For six months now, more agents have been seeing fewer people at auctions. In the May, June, and July surveys, agents reported easing of buyer withdrawal. Meanwhile, in late August, agents found a slight rise in perceptions of buyer withdrawal due to the upcoming lockdown.

“If we look back at our first survey in April last year during the last nationwide lockdown, we see a net 14% of agents reported fewer people at auctions compared with 18% now,” Alexander and the REINZ said in the report.

“The worse result now despite an absence of expectations of Depression, rising rate of unemployment, and falling house prices, bespeaks of the underlying effects in play from rising interest rates, LVR changes, prices having already increased, and government moves to discourage investor purchases of existing properties.”

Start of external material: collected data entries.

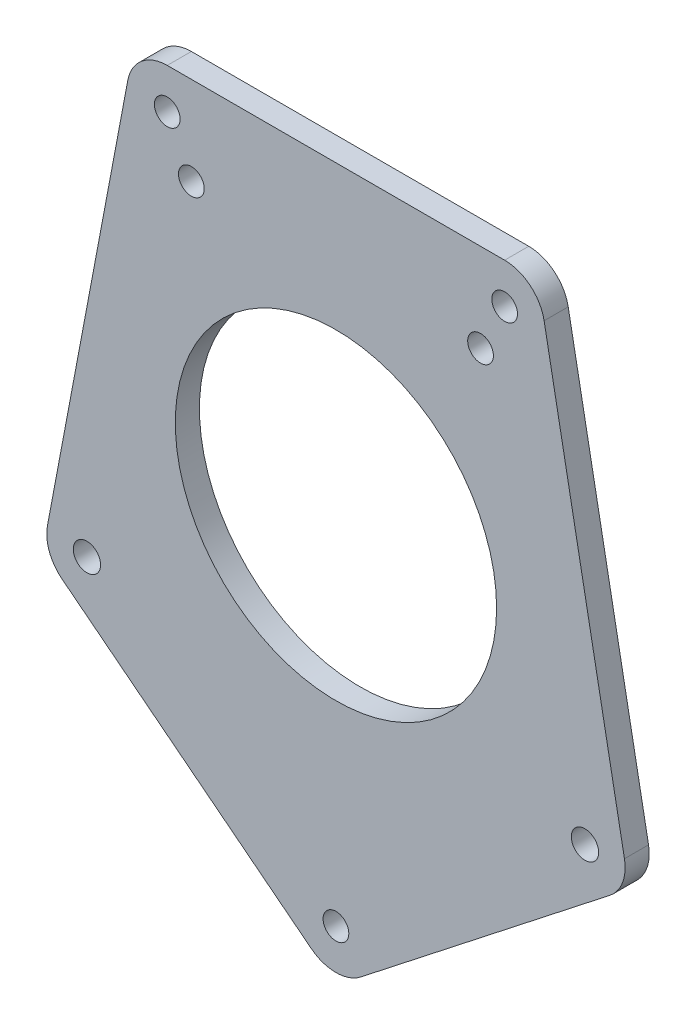
ISO-10303-21;
HEADER;
FILE_DESCRIPTION(('STEP AP214'),'2;1');
FILE_NAME('part.step','',(''),(''),'','','');
FILE_SCHEMA(('AUTOMOTIVE_DESIGN { 1 0 10303 214 1 1 1 1 }'));
ENDSEC;
DATA;
#1=APPLICATION_CONTEXT('core data for automotive mechanical design processes');
#2=APPLICATION_PROTOCOL_DEFINITION('international standard','automotive_design',2000,#1);
#3=PRODUCT_CONTEXT('',#1,'mechanical');
#4=PRODUCT('Part','Part','',(#3));
#5=PRODUCT_RELATED_PRODUCT_CATEGORY('part','',(#4));
#6=PRODUCT_DEFINITION_FORMATION('','',#4);
#7=PRODUCT_DEFINITION_CONTEXT('part definition',#1,'design');
#8=PRODUCT_DEFINITION('design','',#6,#7);
#9=PRODUCT_DEFINITION_SHAPE('','',#8);
#10=(LENGTH_UNIT() NAMED_UNIT(*) SI_UNIT(.MILLI.,.METRE.));
#11=(NAMED_UNIT(*) PLANE_ANGLE_UNIT() SI_UNIT($,.RADIAN.));
#12=(NAMED_UNIT(*) SI_UNIT($,.STERADIAN.) SOLID_ANGLE_UNIT());
#13=UNCERTAINTY_MEASURE_WITH_UNIT(LENGTH_MEASURE(1.E-05),#10,'distance_accuracy_value','');
#14=(GEOMETRIC_REPRESENTATION_CONTEXT(3) GLOBAL_UNCERTAINTY_ASSIGNED_CONTEXT((#13)) GLOBAL_UNIT_ASSIGNED_CONTEXT((#10,
#11,#12)) REPRESENTATION_CONTEXT('',''));
#15=CARTESIAN_POINT('',(0.,0.,0.));
#16=DIRECTION('',(0.,0.,1.));
#17=DIRECTION('',(1.,0.,0.));
#18=AXIS2_PLACEMENT_3D('',#15,#16,#17);
#19=CARTESIAN_POINT('',(-31.,0.,3.));
#20=DIRECTION('',(0.,0.,1.));
#21=DIRECTION('',(1.,0.,0.));
#22=AXIS2_PLACEMENT_3D('',#19,#20,#21);
#23=PLANE('',#22);
#24=CARTESIAN_POINT('',(18.,47.,3.));
#25=DIRECTION('',(0.,0.,1.));
#26=DIRECTION('',(1.,0.,0.));
#27=AXIS2_PLACEMENT_3D('',#24,#25,#26);
#28=CIRCLE('',#27,1.6);
#29=CARTESIAN_POINT('',(19.6,47.,3.));
#30=VERTEX_POINT('',#29);
#31=EDGE_CURVE('E242',#30,#30,#28,.T.);
#32=ORIENTED_EDGE('',*,*,#31,.F.);
#33=EDGE_LOOP('',(#32));
#34=FACE_BOUND('',#33,.T.);
#35=CARTESIAN_POINT('',(-18.,47.,3.));
#36=DIRECTION('',(0.,0.,1.));
#37=DIRECTION('',(1.,0.,0.));
#38=AXIS2_PLACEMENT_3D('',#35,#36,#37);
#39=CIRCLE('',#38,1.6);
#40=CARTESIAN_POINT('',(-16.4,47.,3.));
#41=VERTEX_POINT('',#40);
#42=EDGE_CURVE('E230',#41,#41,#39,.T.);
#43=ORIENTED_EDGE('',*,*,#42,.F.);
#44=EDGE_LOOP('',(#43));
#45=FACE_BOUND('',#44,.T.);
#46=CARTESIAN_POINT('',(31.,0.,3.));
#47=DIRECTION('',(0.,0.,1.));
#48=DIRECTION('',(1.,0.,0.));
#49=AXIS2_PLACEMENT_3D('',#46,#47,#48);
#50=CIRCLE('',#49,1.7);
#51=CARTESIAN_POINT('',(32.7,0.,3.));
#52=VERTEX_POINT('',#51);
#53=EDGE_CURVE('E218',#52,#52,#50,.T.);
#54=ORIENTED_EDGE('',*,*,#53,.F.);
#55=EDGE_LOOP('',(#54));
#56=FACE_BOUND('',#55,.T.);
#57=CARTESIAN_POINT('',(21.,53.,3.));
#58=DIRECTION('',(0.,0.,1.));
#59=DIRECTION('',(1.,0.,0.));
#60=AXIS2_PLACEMENT_3D('',#57,#58,#59);
#61=CIRCLE('',#60,1.6);
#62=CARTESIAN_POINT('',(22.6,53.,3.));
#63=VERTEX_POINT('',#62);
#64=EDGE_CURVE('E146',#63,#63,#61,.T.);
#65=ORIENTED_EDGE('',*,*,#64,.F.);
#66=EDGE_LOOP('',(#65));
#67=FACE_BOUND('',#66,.T.);
#68=CARTESIAN_POINT('',(-31.,0.,3.));
#69=DIRECTION('',(0.,0.,1.));
#70=DIRECTION('',(1.,0.,0.));
#71=AXIS2_PLACEMENT_3D('',#68,#69,#70);
#72=CIRCLE('',#71,5.);
#73=CARTESIAN_POINT('',(-35.9133082687424,0.927039295989146,3.));
#74=VERTEX_POINT('',#73);
#75=CARTESIAN_POINT('',(-34.0846208341593,-3.93511299831026,3.));
#76=VERTEX_POINT('',#75);
#77=EDGE_CURVE('E161',#74,#76,#72,.T.);
#78=ORIENTED_EDGE('',*,*,#77,.T.);
#79=DIRECTION('',(0.787022599662049,-0.616924166831864,0.));
#80=VECTOR('',#79,1.);
#81=CARTESIAN_POINT('',(-34.0846208341593,-3.93511299831026,3.));
#82=LINE('',#81,#80);
#83=CARTESIAN_POINT('',(-3.08462083415934,-28.2351129983102,3.));
#84=VERTEX_POINT('',#83);
#85=EDGE_CURVE('E99',#76,#84,#82,.T.);
#86=ORIENTED_EDGE('',*,*,#85,.T.);
#87=CARTESIAN_POINT('',(0.,-24.3,3.));
#88=DIRECTION('',(0.,0.,1.));
#89=DIRECTION('',(1.,0.,0.));
#90=AXIS2_PLACEMENT_3D('',#87,#88,#89);
#91=CIRCLE('',#90,5.);
#92=CARTESIAN_POINT('',(3.08462083415935,-28.2351129983102,3.));
#93=VERTEX_POINT('',#92);
#94=EDGE_CURVE('E182',#84,#93,#91,.T.);
#95=ORIENTED_EDGE('',*,*,#94,.T.);
#96=DIRECTION('',(0.787022599662049,0.616924166831864,0.));
#97=VECTOR('',#96,1.);
#98=CARTESIAN_POINT('',(3.08462083415935,-28.2351129983102,3.));
#99=LINE('',#98,#97);
#100=CARTESIAN_POINT('',(34.0846208341593,-3.93511299831026,3.));
#101=VERTEX_POINT('',#100);
#102=EDGE_CURVE('E201',#93,#101,#99,.T.);
#103=ORIENTED_EDGE('',*,*,#102,.T.);
#104=CARTESIAN_POINT('',(31.,0.,3.));
#105=DIRECTION('',(0.,0.,1.));
#106=DIRECTION('',(1.,0.,0.));
#107=AXIS2_PLACEMENT_3D('',#104,#105,#106);
#108=CIRCLE('',#107,5.);
#109=CARTESIAN_POINT('',(35.9133082687423,0.927039295989146,3.));
#110=VERTEX_POINT('',#109);
#111=EDGE_CURVE('E198',#101,#110,#108,.T.);
#112=ORIENTED_EDGE('',*,*,#111,.T.);
#113=DIRECTION('',(-0.185407859197825,0.982661653748471,0.));
#114=VECTOR('',#113,1.);
#115=CARTESIAN_POINT('',(35.9133082687423,0.927039295989146,3.));
#116=LINE('',#115,#114);
#117=CARTESIAN_POINT('',(25.9133082687424,53.9270392959891,3.));
#118=VERTEX_POINT('',#117);
#119=EDGE_CURVE('E200',#110,#118,#116,.T.);
#120=ORIENTED_EDGE('',*,*,#119,.T.);
#121=CARTESIAN_POINT('',(21.,53.,3.));
#122=DIRECTION('',(0.,0.,1.));
#123=DIRECTION('',(1.,0.,0.));
#124=AXIS2_PLACEMENT_3D('',#121,#122,#123);
#125=CIRCLE('',#124,5.);
#126=CARTESIAN_POINT('',(21.,58.,3.));
#127=VERTEX_POINT('',#126);
#128=EDGE_CURVE('E124',#118,#127,#125,.T.);
#129=ORIENTED_EDGE('',*,*,#128,.T.);
#130=DIRECTION('',(-1.,0.,0.));
#131=VECTOR('',#130,1.);
#132=CARTESIAN_POINT('',(21.,58.,3.));
#133=LINE('',#132,#131);
#134=CARTESIAN_POINT('',(-21.,58.,3.));
#135=VERTEX_POINT('',#134);
#136=EDGE_CURVE('E118',#127,#135,#133,.T.);
#137=ORIENTED_EDGE('',*,*,#136,.T.);
#138=CARTESIAN_POINT('',(-21.,53.,3.));
#139=DIRECTION('',(0.,0.,1.));
#140=DIRECTION('',(1.,0.,0.));
#141=AXIS2_PLACEMENT_3D('',#138,#139,#140);
#142=CIRCLE('',#141,5.);
#143=CARTESIAN_POINT('',(-25.9133082687424,53.9270392959891,3.));
#144=VERTEX_POINT('',#143);
#145=EDGE_CURVE('E122',#135,#144,#142,.T.);
#146=ORIENTED_EDGE('',*,*,#145,.T.);
#147=DIRECTION('',(-0.185407859197825,-0.982661653748471,0.));
#148=VECTOR('',#147,1.);
#149=CARTESIAN_POINT('',(-25.9133082687424,53.9270392959891,3.));
#150=LINE('',#149,#148);
#151=EDGE_CURVE('E50',#144,#74,#150,.T.);
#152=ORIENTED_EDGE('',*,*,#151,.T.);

A net 22% of agents also reported seeing fewer people showing up at open homes. However, Alexander and the REINZ pointed out that the deterioration from 7% in late July was still quite small, considering the new lockdown in place preventing physical property inspections.

Read more: REINZ delivers the latest on the NZ lifestyle market

By contrast, for the first time in five months, agents reported seeing more first-home buyers (FHBs) in the residential property market while investors continue to step back.

A net 11% of agents reported seeing more FHBs in the market,  well up from a net 4% last month and in June observing fewer young buyers and well away from the net 17% in May seeing falls in first buyer market participation.

However, fewer investors are selling, a shortage of listings remains buyers' biggest concern, and concerns about rising interest rates continue to increase.

Real estate agents reported dramatic reductions in the number of investors looking to purchase a property. In addition, a net 41% reported seeing fewer investor buyers, essentially unchanged from July's net 42%.